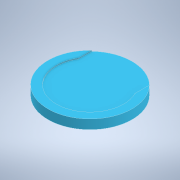
# Autodesk Inventor part: suport senzor
Saved by Autodesk Inventor 2022 (Build 260153000, 153)
## iProperties
Created: 2022-02-27
Part Number: suport senzor
Material: PET Plastic
Document SubType Name: Modeling
Designer: Oana
Density: 1.541 g/cm^3
Appearance: Turquoise
Author: Oana
Autodesk Inventor part; units mm, degrees
ref_plane "YZ Plane" through (0, 0, 0) normal (1, 0, 0) x (0, 1, 0)
ref_plane "XZ Plane" through (0, 0, 0) normal (0, 1, 0) x (-1, 0, 0)
ref_plane "XY Plane" through (0, 0, 0) normal (0, 0, 1) x (1, 0, 0)
sketch "Sketch1" plane through (0, 0, 0) normal (0, 1, 0) x (-1, 0, 0)
  point P0 (0, 0)
sketch "Sketch2" plane through (0, 0, 0) normal (0, 1, 0) x (-1, 0, 0)
  circle A0 centre (0, 0) radius 10
  dimension "d0" = 20
  constraints: 1 centre point, 1 coincident
  measures "d0" diameter of A0
extrude "Extrusion1" add sketch "Sketch2" along normal blind 2
sketch "Sketch3" plane through (0, 2, 0) normal (0, 1, 0) x (1, 0, 0)
  circle A0 centre (0, 0) radius 8
  circle A1 centre (0, 0) radius 10 projected
  dimension "d3" = 2
  constraints: 1 centre point, 1 coincident
  measures "d3" radial gap between concentric circles of A1 A0
extrude "Extrusion2" add sketch "Sketch3" along normal blind 0.2
sketch "Sketch4" plane through (0, 2.2, 0) normal (0, 1, 0) x (1, 0, 0)
  line L0 (-6.842, 3.4953) -> (7.158, 3.4953)
  line L1 (7.158, 3.4953) -> (7.158, 37.4216)
  line L2 (7.158, 37.4216) -> (-6.842, 37.4216)
  line L3 (-6.842, 37.4216) -> (-6.842, 3.4953)
  line L4 (-6.842, 3.4953) -> (7.158, 37.4216) construction
  line L5 (7.158, 3.4953) -> (-6.842, 37.4216) construction
  point P0 (0, 0)
  point P1 (0.158, 20.4584)
  dimension "d6" = 14
  constraints: 12 end point, 2 midpoint, 2 parallel, 1 horizontal, 1 perpendicular
  measures "d6" distance of L2.end L1.end
extrude "Extrusion3" cut sketch "Sketch4" against normal blind 0.2
body "Solid1"

◇ ◇ ◇ ◇

[What the exercise asks] Which lines run from the one containing "line L5 (7.158, 3.4953)" to the end of the entries above? Print them exactly, both ends included, and nothing else.

[Written solution]
  line L5 (7.158, 3.4953) -> (-6.842, 37.4216) construction
  point P0 (0, 0)
  point P1 (0.158, 20.4584)
  dimension "d6" = 14
  constraints: 12 end point, 2 midpoint, 2 parallel, 1 horizontal, 1 perpendicular
  measures "d6" distance of L2.end L1.end
extrude "Extrusion3" cut sketch "Sketch4" against normal blind 0.2
body "Solid1"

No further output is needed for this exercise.